● TASK DESCRIPTION
Word for word, restate the lines that run from the line containing "[Xearth] -> X2/2(Xearth)" to the last line of the records below.

● PROVIDED DATA

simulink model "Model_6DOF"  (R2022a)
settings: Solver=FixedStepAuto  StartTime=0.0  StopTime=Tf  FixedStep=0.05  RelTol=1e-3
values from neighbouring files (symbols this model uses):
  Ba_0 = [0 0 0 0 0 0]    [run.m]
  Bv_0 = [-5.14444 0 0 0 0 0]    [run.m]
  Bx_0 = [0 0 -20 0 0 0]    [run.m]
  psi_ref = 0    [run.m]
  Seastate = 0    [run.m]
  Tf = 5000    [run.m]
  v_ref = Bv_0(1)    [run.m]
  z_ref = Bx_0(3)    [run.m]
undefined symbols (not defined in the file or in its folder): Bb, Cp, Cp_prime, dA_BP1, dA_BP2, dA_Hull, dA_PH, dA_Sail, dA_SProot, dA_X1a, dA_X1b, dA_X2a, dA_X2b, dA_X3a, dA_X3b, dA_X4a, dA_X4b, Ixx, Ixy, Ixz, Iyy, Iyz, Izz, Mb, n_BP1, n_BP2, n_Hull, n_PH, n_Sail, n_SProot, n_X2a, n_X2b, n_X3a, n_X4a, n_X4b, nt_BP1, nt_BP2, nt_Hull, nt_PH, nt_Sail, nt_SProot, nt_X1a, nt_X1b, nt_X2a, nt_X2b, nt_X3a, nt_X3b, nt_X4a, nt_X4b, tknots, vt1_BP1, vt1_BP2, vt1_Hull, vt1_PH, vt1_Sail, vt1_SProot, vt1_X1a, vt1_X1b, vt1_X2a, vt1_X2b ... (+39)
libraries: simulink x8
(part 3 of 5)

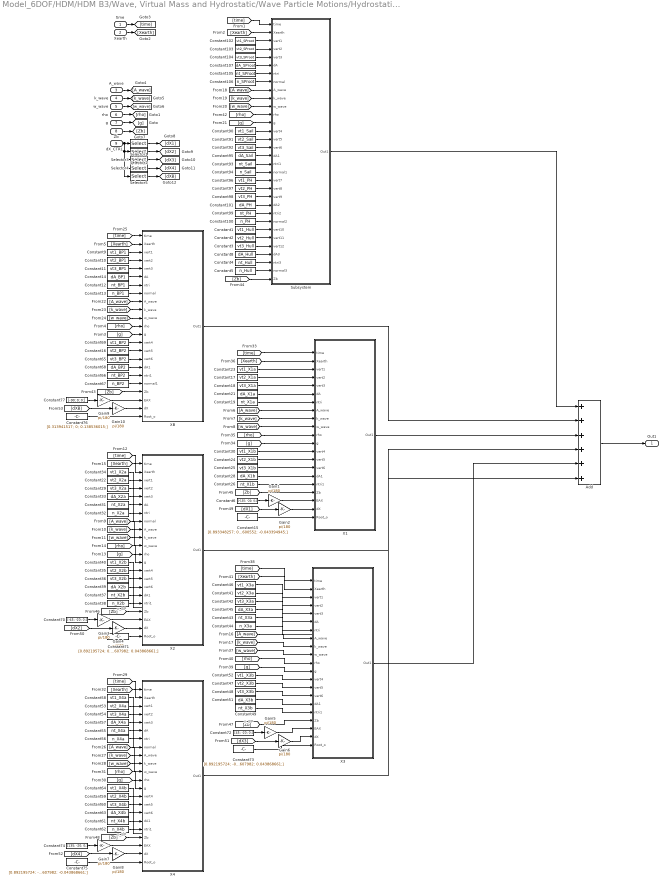
== system Model_6DOF/HDM/HDM B3/Wave, Virtual Mass and Hydrostatic/Wave Particle Motions/Hydrostatic Forces and Moments ==
  note: n_BP
  note: n_BP
  note: n_BP
  time : Inport
  Xearth : Inport  Port=2
  A_wave : Inport  Port=3
  k_wave : Inport  Port=4
  w_wave : Inport  Port=5
  rho : Inport  Port=6
  g : Inport  Port=7
  Zb : Inport  Port=8
  dX_CTRL : Inport  Port=9
  Add : Sum  Inputs=6
  Constant1 : Constant  Value=vt1_Hull
  Constant10 : Constant  Value=vt2_BP1
  Constant100 : Constant  Value=n_PH
  Constant101 : Constant  Value=dA_PH
  Constant102 : Constant  Value=vt1_SProot
  Constant103 : Constant  Value=vt2_SProot
  Constant104 : Constant  Value=vt3_SProot
  Constant105 : Constant  Value=nt_SProot
  Constant106 : Constant  Value=n_SProot
  Constant107 : Constant  Value=dA_SProot
  Constant11 : Constant  Value=vt3_BP1
  Constant12 : Constant  Value=nt_BP1
  Constant13 : Constant  Value=n_BP1
  Constant14 : Constant  Value=dA_BP1
  Constant15 : Constant  Value=|
      | [0.893348257;
      | 0.043600552;
      | -0.043394945;]
  Constant16 : Constant  Value=vt2_BP2
  Constant17 : Constant  Value=vt2_X1a
  Constant18 : Constant  Value=vt3_X1a
  Constant19 : Constant  Value=nt_X1a
  Constant2 : Constant  Value=vt2_Hull
  Constant21 : Constant  Value=dA_X1a
  Constant22 : Constant  Value=vt2_X2a
  Constant23 : Constant  Value=vt1_X1a
  Constant24 : Constant  Value=vt2_X1b
  Constant25 : Constant  Value=vt3_X1b
  Constant26 : Constant  Value=nt_X1b
  Constant28 : Constant  Value=dA_X1b
  Constant29 : Constant  Value=vt3_X2a
  Constant3 : Constant  Value=vt3_Hull
  Constant30 : Constant  Value=vt1_X1b
  Constant31 : Constant  Value=nt_X2a
  Constant32 : Constant  Value=n_X2a
  Constant33 : Constant  Value=dA_X2a
  Constant34 : Constant  Value=vt1_X2a
  Constant35 : Constant  Value=vt2_X2b
  Constant36 : Constant  Value=vt3_X2b
  Constant37 : Constant  Value=nt_X2b
  Constant38 : Constant  Value=n_X2b
  Constant39 : Constant  Value=dA_X2b
  Constant4 : Constant  Value=nt_Hull
  Constant40 : Constant  Value=vt1_X2b
  Constant41 : Constant  Value=vt2_X3a
  Constant42 : Constant  Value=vt3_X3a
  Constant43 : Constant  Value=nt_X3a
  Constant44 : Constant  Value=n_X3a
  Constant45 : Constant  Value=dA_X3a
  Constant46 : Constant  Value=vt1_X3a
  Constant47 : Constant  Value=vt2_X3b
  Constant48 : Constant  Value=vt3_X3b
  Constant49 : Constant  Value=nt_X3b
  Constant5 : Constant  Value=n_Hull
  Constant51 : Constant  Value=dA_X3b
  Constant52 : Constant  Value=vt1_X3b
  Constant53 : Constant  Value=vt2_X4a
  Constant54 : Constant  Value=vt3_X4a
  Constant55 : Constant  Value=nt_X4a
  Constant56 : Constant  Value=n_X4a
  Constant57 : Constant  Value=dA_X4a
  Constant58 : Constant  Value=vt1_X4a
  Constant59 : Constant  Value=vt2_X4b
  Constant6 : Constant  Value=[-135; -20; 0;]
  Constant60 : Constant  Value=vt3_X4b
  Constant61 : Constant  Value=nt_X4b
  Constant62 : Constant  Value=n_X4b
  Constant63 : Constant  Value=dA_X4b
  Constant64 : Constant  Value=vt1_X4b
  Constant65 : Constant  Value=vt3_BP2
  Constant66 : Constant  Value=nt_BP2
  Constant67 : Constant  Value=n_BP2
  Constant68 : Constant  Value=dA_BP2
  Constant69 : Constant  Value=vt1_BP2
  Constant70 : Constant  Value=[-45; -20; 0;]
  Constant71 : Constant  Value=|
      | [0.892195724;
      | 0.043607982;
      | 0.043868661;]
  Constant72 : Constant  Value=[45; -20; 0;]
  Constant73 : Constant  Value=|
      | [0.892195724;
      | -0.043607982;
      | 0.043868661;]
  Constant74 : Constant  Value=[135; -20; 0;]
  Constant75 : Constant  Value=|
      | [0.892195724;
      | -0.043607982;
      | -0.043868661;]
  Constant76 : Constant  Value=|
      | [0.313941517;
      | 0;
      | 0.138536015;]
  Constant77 : Constant  Value=[-90; 0; 0;]
  Constant8 : Constant  Value=dA_Hull
  Constant9 : Constant  Value=vt1_BP1
  Constant90 : Constant  Value=vt1_Sail
  Constant91 : Constant  Value=vt2_Sail
  Constant92 : Constant  Value=vt3_Sail
  Constant93 : Constant  Value=nt_Sail
  Constant94 : Constant  Value=n_Sail
  Constant95 : Constant  Value=dA_Sail
  Constant96 : Constant  Value=vt1_PH
  Constant97 : Constant  Value=vt2_PH
  Constant98 : Constant  Value=vt3_PH
  Constant99 : Constant  Value=nt_PH
  Gain{1..10} (10 alike) : Gain  Gain=pi/180
  Selector1 : Selector  InputPortWidth=5  IndexOptions=Index vector (dialog)  Indices=1  OutputSizes=1
  Selector2 : Selector  InputPortWidth=5  IndexOptions=Index vector (dialog)  Indices=2  OutputSizes=1
  Selector3 : Selector  InputPortWidth=5  IndexOptions=Index vector (dialog)  Indices=3  OutputSizes=1
  Selector4 : Selector  InputPortWidth=5  IndexOptions=Index vector (dialog)  Indices=4  OutputSizes=1
  Selector5 : Selector  InputPortWidth=5  IndexOptions=Index vector (dialog)  Indices=5  OutputSizes=1
  Subsystem : Subsystem
  X1 : Subsystem
  X2 : Subsystem
  X3 : Subsystem
  X4 : Subsystem
  XB : Subsystem
  Out1 : Outport
  wires:
  time/1 -> [time]
  Xearth/1 -> [Xearth]
  A_wave/1 -> [A_wave]
  k_wave/1 -> [k_wave]
  w_wave/1 -> [w_wave]
  rho/1 -> [rho]
  g/1 -> [g]
  Constant94/1 -> Subsystem/19(normal1)
  Constant61/1 -> X4/18(ntri1)
  Constant57/1 -> X4/6(dA)
  [Zb] -> X4/19(Zb)
  [Zb] -> X3/18(Zb)
  Constant101/1 -> Subsystem/23(dA2)
  Constant16/1 -> XB/15(vert5)
  [Zb] -> X1/18(Zb)
  [Zb] -> X2/19(Zb)
  Constant98/1 -> Subsystem/22(vert9)
  Constant99/1 -> Subsystem/24(ntri2)
  Constant37/1 -> X2/18(ntri1)
  [Zb] -> XB/20(Zb)
  [time] -> X3/1(time)
  [Xearth] -> X1/2(Xearth)
  [w_wave] -> Subsystem/11(w_wave)
  Constant93/1 -> Subsystem/18(ntri1)
  [g] -> X2/13(g)
  Constant28/1 -> X1/16(dA1)
  [w_wave] -> X3/10(w_wave)
  Constant8/1 -> Subsystem/29(dA3)
  Constant95/1 -> Subsystem/17(dA1)
  [A_wave] -> X4/9(A_wave)
  Constant33/1 -> X2/6(dA)
  [rho] -> X4/12(rho)
  [time] -> Subsystem/1(time)
  Constant48/1 -> X3/15(vert6)
  [rho] -> Subsystem/12(rho)
  Constant60/1 -> X4/16(vert6)
  [k_wave] -> Subsystem/10(k_wave)
  Constant19/1 -> X1/7(ntri)
  [g] -> Subsystem/13(g)
  Constant102/1 -> Subsystem/3(vert1)
  Constant106/1 -> Subsystem/8(normal)
  [Xearth] -> Subsystem/2(Xearth)
  Constant107/1 -> Subsystem/6(dA)
  Constant105/1 -> Subsystem/7(ntri)
  [g] -> X4/13(g)
  Constant11/1 -> XB/5(vert3)
  Constant34/1 -> X2/3(vert1)
  Constant63/1 -> X4/17(dA1)
  [A_wave] -> X1/8(A_wave)
  Constant41/1 -> X3/4(vert2)
  [k_wave] -> X2/10(k_wave)
  Constant22/1 -> X2/4(vert2)
  Constant49/1 -> X3/17(ntri1)
  [Xearth] -> XB/2(Xearth)
  [rho] -> X2/12(rho)
  [rho] -> X3/11(rho)
  Constant55/1 -> X4/7(ntri)
  Constant45/1 -> X3/6(dA)
  Constant40/1 -> X2/14(vert4)
  Constant18/1 -> X1/5(vert3)
  [g] -> X1/12(g)
  Constant35/1 -> X2/15(vert5)
  Constant39/1 -> X2/17(dA1)
  Constant32/1 -> X2/8(normal)
  Constant47/1 -> X3/14(vert5)
  [w_wave] -> X4/11(w_wave)
  Constant44/1 -> ?
  [k_wave] -> X1/9(k_wave)
  Constant53/1 -> X4/4(vert2)
  [w_wave] -> XB/11(w_wave)
  [Xearth] -> X2/2(Xearth)
  [time] -> XB/1(time)
  [rho] -> XB/12(rho)
  Constant4/1 -> Subsystem/30(ntri3)
  Constant59/1 -> X4/15(vert5)
  Constant51/1 -> X3/16(dA1)
  Constant52/1 -> X3/13(vert4)
  Constant14/1 -> XB/6(dA)
  [Xearth] -> X3/2(Xearth)
  Constant25/1 -> X1/15(vert6)
  Constant67/1 -> XB/19(normal1)
  [Zb] -> Subsystem/32(Zb)
  Constant65/1 -> XB/16(vert6)
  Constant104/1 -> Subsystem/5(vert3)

● SOLVED PROBLEM
  [Xearth] -> X2/2(Xearth)
  [time] -> XB/1(time)
  [rho] -> XB/12(rho)
  Constant4/1 -> Subsystem/30(ntri3)
  Constant59/1 -> X4/15(vert5)
  Constant51/1 -> X3/16(dA1)
  Constant52/1 -> X3/13(vert4)
  Constant14/1 -> XB/6(dA)
  [Xearth] -> X3/2(Xearth)
  Constant25/1 -> X1/15(vert6)
  Constant67/1 -> XB/19(normal1)
  [Zb] -> Subsystem/32(Zb)
  Constant65/1 -> XB/16(vert6)
  Constant104/1 -> Subsystem/5(vert3)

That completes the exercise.